Dass es überhaupt 1:0 zu Pause stand, war schon fast verwunderlich, da ein neues schauerliches Kapitel in der unrühmlichen Beziehung zum sogenannten „Kölner Keller“ drohte. Geschlagene zweieinhalb Minuten (gefühlte 5-8 Minuten) schien Video-Schiri Guido Winkmann vom Niederrhein (!) verzweifelt einen Grund zu suchen, dem glasklaren Treffer von Simon Terodde die Anerkennung zu verwehren.  So jedenfalls der Verdacht, der sich so manchem Fan geradezu aufdrängte. Es war schon mehr merkwürdig, das man da überhaupt noch einmal draufschaute. Die Erklärung danach, Sebastiaan Bornauw könnte den Torwart behindert haben, klingt nach nochmaligen Anschauen der Bilder (hier) geradezu abenteuerlich konstruiert. Bornauw macht nämlich eigentlich gar nichts! Auch Czichos greift nicht ein und steht sowieso nicht abseits. Warum also überhaupt ewig lange überprüfen?  Nicht wenige Anhänger des Geißbock-Clubs hätten sich diese Akribie in vielen anderen, eindeutigeren Momenten bei wirklichen Fehlentscheidungen gewünscht.

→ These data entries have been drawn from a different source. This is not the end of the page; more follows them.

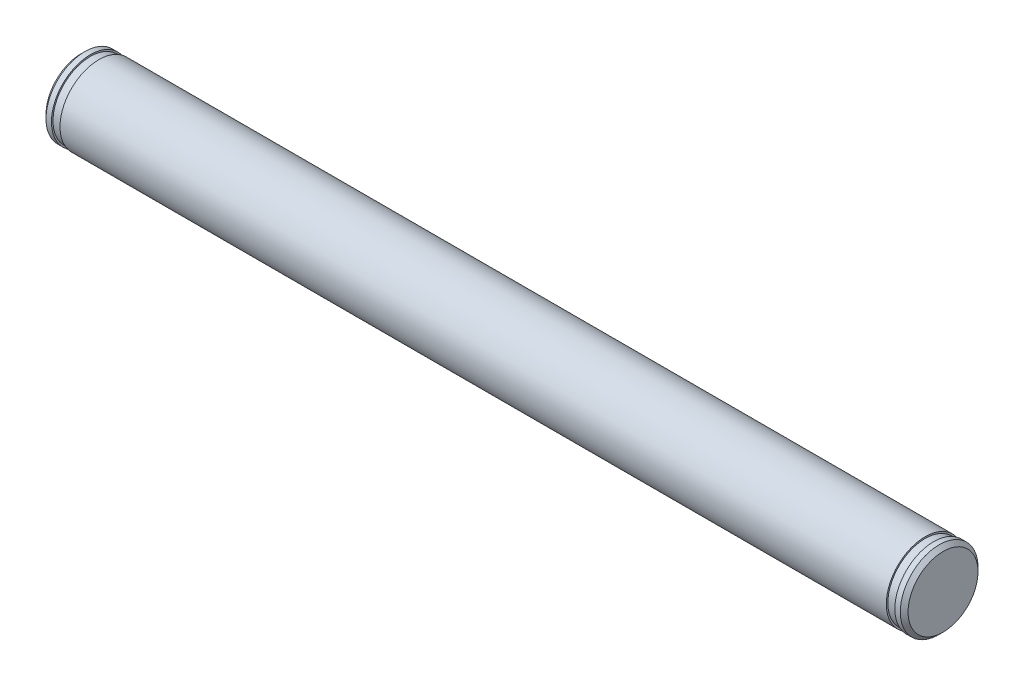
SolidWorks part; units mm, degrees
ref_plane "前视基准面" through (0, 0, 0) normal (0, 0, 1) x (1, 0, 0)
ref_plane "上视基准面" through (0, 0, 0) normal (0, 1, 0) x (1, 0, 0)
ref_plane "右视基准面" through (0, 0, 0) normal (1, 0, 0) x (0, 0, -1)
other "Configuration Table"
sketch "草图1" plane through (0, 0, 0) normal (0, 0, 1) x (1, 0, 0)
  line L0 (-55.45, 0) -> (55.45, 0) construction
  line L1 (55.45, 0) -> (55.45, 5)
  line L2 (55.45, 5) -> (54.25, 5)
  line L3 (54.25, 5) -> (54.25, 4.8)
  line L4 (54.25, 4.8) -> (53.15, 4.8)
  line L5 (53.15, 4.8) -> (53.15, 5)
  line L6 (53.15, 5) -> (-53.15, 5)
  line L7 (0, 5) -> (0, 0) construction
  line L8 (53.25, 4.8) -> (53.25, 0) construction
  line L9 (-55.45, 0) -> (-55.45, 5)
  line L10 (-53.25, 4.8) -> (-53.25, 0) construction
  line L11 (-53.15, 4.8) -> (-53.15, 5)
  line L12 (-54.25, 4.8) -> (-53.15, 4.8)
  line L13 (-54.25, 5) -> (-54.25, 4.8)
  line L14 (-55.45, 5) -> (-54.25, 5)
  line L15 (55.45, 0) -> (-55.45, 0)
  dimension "D1" = 1.1
  dimension "D2" = 1
  dimension "D3" = 10
  dimension "D4" = 9.6
  dimension "D5" = 1.2
  dimension "D6" = 106.5
revolve "旋转1" add sketch "草图1" angle 360 about L15
chamfer "倒角1" distance 0.5 angle 45 2 edges at (55.45, 5, 0) (-55.45, 5, 0)
ref_plane "基准面1" through (53.25, 0, 0) normal (1, 0, 0) x (0, 0, -1)
ref_plane "基准面2" through (-53.25, 0, 0) normal (-1, 0, 0) x (0, 0, 1)

Um es klar zu sagen, ich bin kein Freund der Theorie, dass „man immer im Zweifel gegen den FC pfeift“, was auch insgesamt faktisch nicht haltbar ist. Dennoch ist es merkwürdig, dass es gerade bei Entscheidungen bei Spielen mit Kölner Beteiligung immer wieder zu Debatten kommt.

 

Der FC im psychologischen Standort-Nachteil?

 

Nicht wenige Fans vertreten die These, das man zwar dem FC bewusst nichts schlechtes wolle, das es aber nur menschlich sei (und ja, Schiedsrichter sind Menschen …), das der Begriff „Kölner Keller“ eine gewisse Parteilichkeit Richtung Standort suggeriere. Psychologisch ein interessanter Ansatz, in etwa vergleichbar wie Trainerväter ihre Fußball spielenden Söhne wohl deutlich härter als die Mannschaftskameraden behandeln, um sich dem Verdacht der familiären Vorteilsnahme zu entziehen (der Autor schreibt aus Erfahrung). Gut, vielleicht ist das etwas zu viel der Küchen-Psychologie, aber dennoch wäre es sicher manchen FC-Anhängern lieber, der Standort des VAR würde nach Düsseldorf, Leverkusen oder Mönchengladbach verlegt werden.

 

Jedenfalls setzte der Effzeh sein insgesamt positives Spiel in Halbzeit Zwei fort und konnte zwei weitere Treffer erzielen, die der kölschen Seele extrem gut taten. Mit Schaub und Bornauw trafen dann die Spieler, die aus einer insgesamt gut-soliden Mannschaft etwas herausragten. Anschließend konnte man mit seinen Fans das leider zu selten gewordene Glücksgefühl eines Heimsiegs in aller Ruhe auskosten.

 

Chance in Mainz

 

Trainer Beierlorzer hat nun bis Freitag Zeit, sich zu überlegen, wie er den bald wieder genesenen Birger Verstraete einbaut und einen sicher nicht allzu freudig erregten Anthony Modeste, der keine Minute spielte, vor dem wichtigen Spiel in Mainz wieder aufbaut. Die Chance, sich mit einem Sieg in der Stadt der Helau-Rufer so langsam Richtung unteres Mittelfeld zu verabschieden duldet letztlich auch keine Querschüsse.

 

Aber das wird man am Geißbockheim wissen und letztlich ist dies ein Luxusproblem. Die hat man lieber als alle anderen.